1) Non avere significative interferenze statali nelle decisioni delle imprese in materia di prezzi costi e fattori produttivi;
2) Sottoporre le imprese a revisione contabile indipendente, seguendo criteri di contabilità internazionali;
3) Far sì che i costi di produzione e la situazione finanziaria delle imprese non siano soggette a distorsioni di rilievo, comprese le svalutazioni degli attivi e i pagamenti con compensazione dei debiti,
4) Garantire certezza del diritto in materia fallimentare e di proprietà delle imprese
5) Liberalizzazione dei tassi di cambio
 
Quello che preoccupa è specialmente il primo punto: l’ingerenza dello Stato cinese nell’economia è tale che prezzi, costi e produzione non rispecchiano la situazione del mercato e le leggi della domanda e dell’offerta, ma sono decisi “dall’alto”.
 
La decisione però non va a interferire con i rapporti di partenariato nei confronti della Cina, che anzi nel 2015 ha aumentato i propri investimenti nell’UE, con un volume maggiore rispetto agli investimenti europei in Cina.
 
La risoluzione dunque mantiene i dazi che erano già presenti su 52 prodotti cinesi, l’unica arma rimasta in mano alle UE per tutelare la propria economia dai beni a costi stracciati.

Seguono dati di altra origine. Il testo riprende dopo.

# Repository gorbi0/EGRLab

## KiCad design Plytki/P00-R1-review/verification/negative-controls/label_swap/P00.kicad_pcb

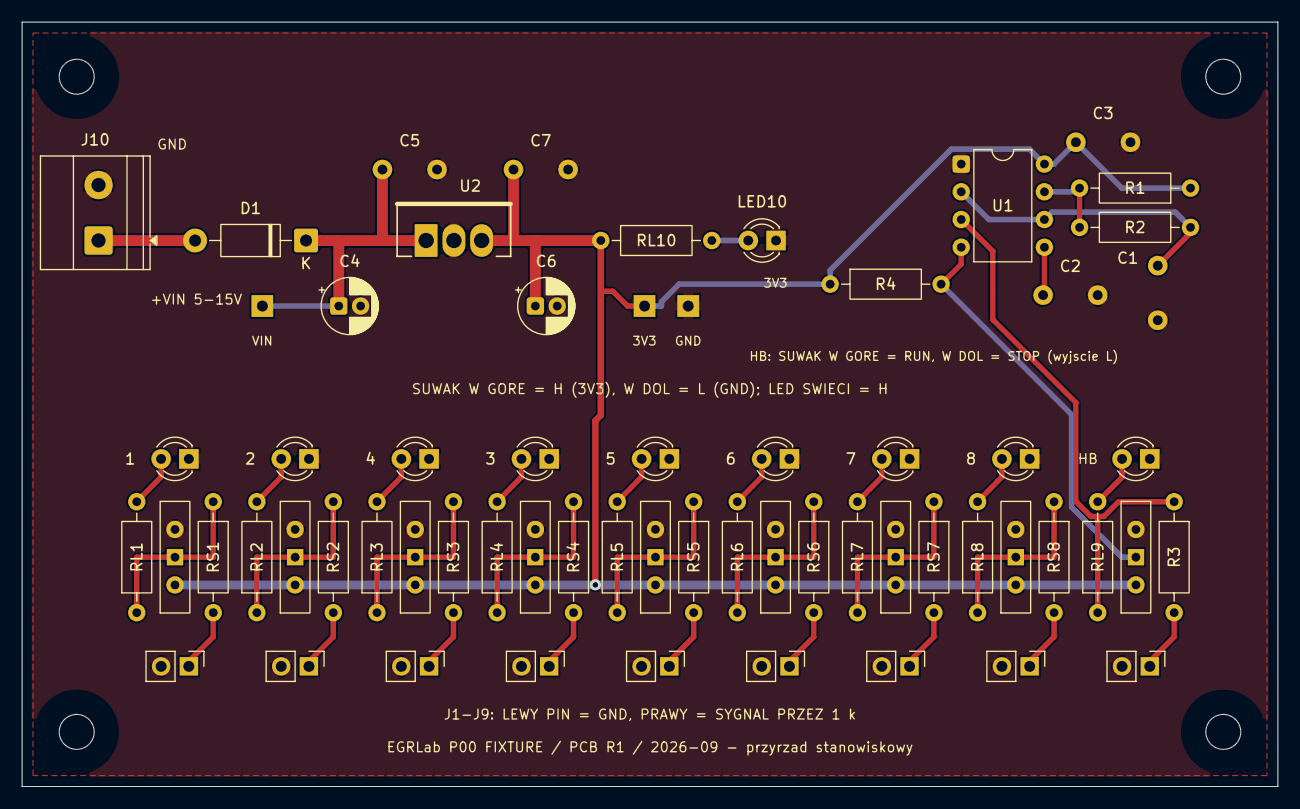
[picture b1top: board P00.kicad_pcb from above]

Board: 2 copper layers, 115.0 x 70.0 mm, 68 parts (0 on the bottom side), 36 nets.

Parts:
C1, C3, C5, C7: 100nF / X7R; C_Vishay_K15_H5_P5
C2: 10nF / X7R; C_Vishay_K15_H5_P5
C4: 10u / 50V; CP_Radial_D5.0mm_P2.00mm
C6: 22u / 16V; CP_Radial_D5.0mm_P2.00mm
D1: 1N5819; D_DO-41_SOD81_P10.16mm_Horizontal
H1, H2, H3, H4: M3 NPTH
J1: CH1 / pin header 1x2; PinHeader_1x02_P2.54mm_Vertical
J2: CH2 / pin header 1x2; PinHeader_1x02_P2.54mm_Vertical
J3: CH3 / pin header 1x2; PinHeader_1x02_P2.54mm_Vertical
J4: CH4 / pin header 1x2; PinHeader_1x02_P2.54mm_Vertical
J5: CH5 / pin header 1x2; PinHeader_1x02_P2.54mm_Vertical
J6: CH6 / pin header 1x2; PinHeader_1x02_P2.54mm_Vertical
J7: CH7 / pin header 1x2; PinHeader_1x02_P2.54mm_Vertical
J8: CH8 / pin header 1x2; PinHeader_1x02_P2.54mm_Vertical
J9: HEART / pin header 1x2; PinHeader_1x02_P2.54mm_Vertical
J10: VIN 5-15V / MKDS 2p; TerminalBlock_Phoenix_MKDS-1,5-2-5.08_1x02_P5.08mm_Horizont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
LED1: GREEN 3mm / CH1; LED_D3.0mm
LED2: GREEN 3mm / CH2; LED_D3.0mm
LED3: GREEN 3mm / CH3; LED_D3.0mm
LED4: GREEN 3mm / CH4; LED_D3.0mm
LED5: GREEN 3mm / CH5; LED_D3.0mm
LED6: GREEN 3mm / CH6; LED_D3.0mm
LED7: GREEN 3mm / CH7; LED_D3.0mm
LED8: GREEN 3mm / CH8; LED_D3.0mm
LED9: YELLOW 3mm / HEART; LED_D3.0mm
LED10: RED 3mm / 3V3; LED_D3.0mm
R1: 4K7 / 1%; R_Axial_DIN0207_L6.3mm_D2.5mm_P10.16mm_Horizontal
R2: 68K / 1%; R_Axial_DIN0207_L6.3mm_D2.5mm_P10.16mm_Horizontal
R3: 1K / 1%; R_Axial_DIN0207_L6.3mm_D2.5mm_P10.16mm_Horizontal
R4: 100K / 1%; R_Axial_DIN0207_L6.3mm_D2.5mm_P10.16mm_Horizontal
RL1, RL2, RL3, RL4, RL5, RL6, RL7, RL8, RL9, RL10: 1K / 1%; R_Axial_DIN0207_L6.3mm_D2.5mm_P10.16mm_Horizontal
RS1, RS2, RS3, RS4, RS5, RS6, RS7, RS8: 1K / 1%; R_Axial_DIN0207_L6.3mm_D2.5mm_P10.16mm_Horizontal
SW1: CH1 H/L; SW_Slide-03_Wuerth-WS-SLTV_10x2.5x6.4_P2.54mm
SW2: CH2 H/L; SW_Slide-03_Wuerth-WS-SLTV_10x2.5x6.4_P2.54mm
SW3: CH3 H/L; SW_Slide-03_Wuerth-WS-SLTV_10x2.5x6.4_P2.54mm
SW4: CH4 H/L; SW_Slide-03_Wuerth-WS-SLTV_10x2.5x6.4_P2.54mm
SW5: CH5 H/L; SW_Slide-03_Wuerth-WS-SLTV_10x2.5x6.4_P2.54mm
SW6: CH6 H/L; SW_Slide-03_Wuerth-WS-SLTV_10x2.5x6.4_P2.54mm
SW7: CH7 H/L; SW_Slide-03_Wuerth-WS-SLTV_10x2.5x6.4_P2.54mm
SW8: CH8 H/L; SW_Slide-03_Wuerth-WS-SLTV_10x2.5x6.4_P2.54mm
SW9: HEART RUN/STOP; SW_Slide-03_Wuerth-WS-SLTV_10x2.5x6.4_P2.54mm
TP1: V33; TestPad_1
TP2: GND; TestPad_1
TP3: VIN_P; TestPad_1
U1: TLC555CP; DIP-8_W7.62mm
U2: LM2937ET-3.3; TO220_3_P2.54_Drill1.4

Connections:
/P00_CTRL: C2.1, U1.5
/P00_DIS: R1.2, R2.1, U1.7
/P00_HEART: J9.1, R3.2
/P00_LED1: LED1.2, RL1.2
/P00_LED2: LED2.2, RL2.2
/P00_LED3: LED3.2, RL3.2
/P00_LED4: LED4.2, RL4.2
/P00_LED5: LED5.2, RL5.2
/P00_LED6: LED6.2, RL6.2
/P00_LED7: LED7.2, RL7.2
/P00_LED8: LED8.2, RL8.2
/P00_LED_HB: LED9.2, RL9.2
/P00_LED_PWR: LED10.2, RL10.2
/P00_OSC: R3.1, RL9.1, U1.3
/P00_OUT1: J1.1, RS1.2
/P00_OUT2: J2.1, RS2.2
/P00_OUT3: J3.1, RS3.2
/P00_OUT4: J4.1, RS4.2
/P00_OUT5: J5.1, RS5.2
/P00_OUT6: J6.1, RS6.2
/P00_OUT7: J7.1, RS7.2
/P00_OUT8: J8.1, RS8.2
/P00_RC: C1.1, R2.2, U1.2, U1.6
/P00_RESET: R4.2, SW9.1, U1.4
/P00_S1: RL1.1, RS1.1, SW1.1
/P00_S2: RL2.1, RS2.1, SW2.1
/P00_S3: RL3.1, RS3.1, SW3.1
/P00_S4: RL4.1, RS4.1, SW4.1
/P00_S5: RL5.1, RS5.1, SW5.1
/P00_S6: RL6.1, RS6.1, SW6.1
/P00_S7: RL7.1, RS7.1, SW7.1
/P00_S8: RL8.1, RS8.1, SW8.1
/P00_V33: C3.1, C6.1, C7.1, R1.1, R4.1, RL10.1, SW1.2, SW2.2, SW3.2, SW4.2, SW5.2, SW6.2, SW7.2, SW8.2, SW9.2, TP1.1, U1.8, U2.3
/P00_VIN: D1.2, J10.1
/P00_VIN_P: C4.1, C5.1, D1.1, TP3.1, U2.1
GND: C1.2, C2.2, C3.2, C4.2, C5.2, C6.2, C7.2, J1.2, J2.2, J3.2, J4.2, J5.2, J6.2, J7.2, J8.2, J9.2, J10.2, LED1.1, LED2.1, LED3.1, LED4.1, LED5.1, LED6.1, LED7.1, LED8.1, LED9.1, LED10.1, SW1.3, SW2.3, SW3.3, SW4.3, SW5.3, SW6.3, SW7.3, SW8.3, SW9.3, TP2.1, U1.1, U2.2

Nonostante queste tasse vadano a colpire solo l’1,3% del totale, costituiscono già uno scudo non da poco per l’Italia dato che il 40% delle aziende tutelate sono le nostre. I settori che sarebbero più colpiti sarebbero l’industria chimica, quella siderurgica, biciclette e pannelli solari.
 
Anche la Cina applica dazi ai prodotti esteri, ma i casi registrati sono su una decina di prodotti: 6 americani e solo 4 europei.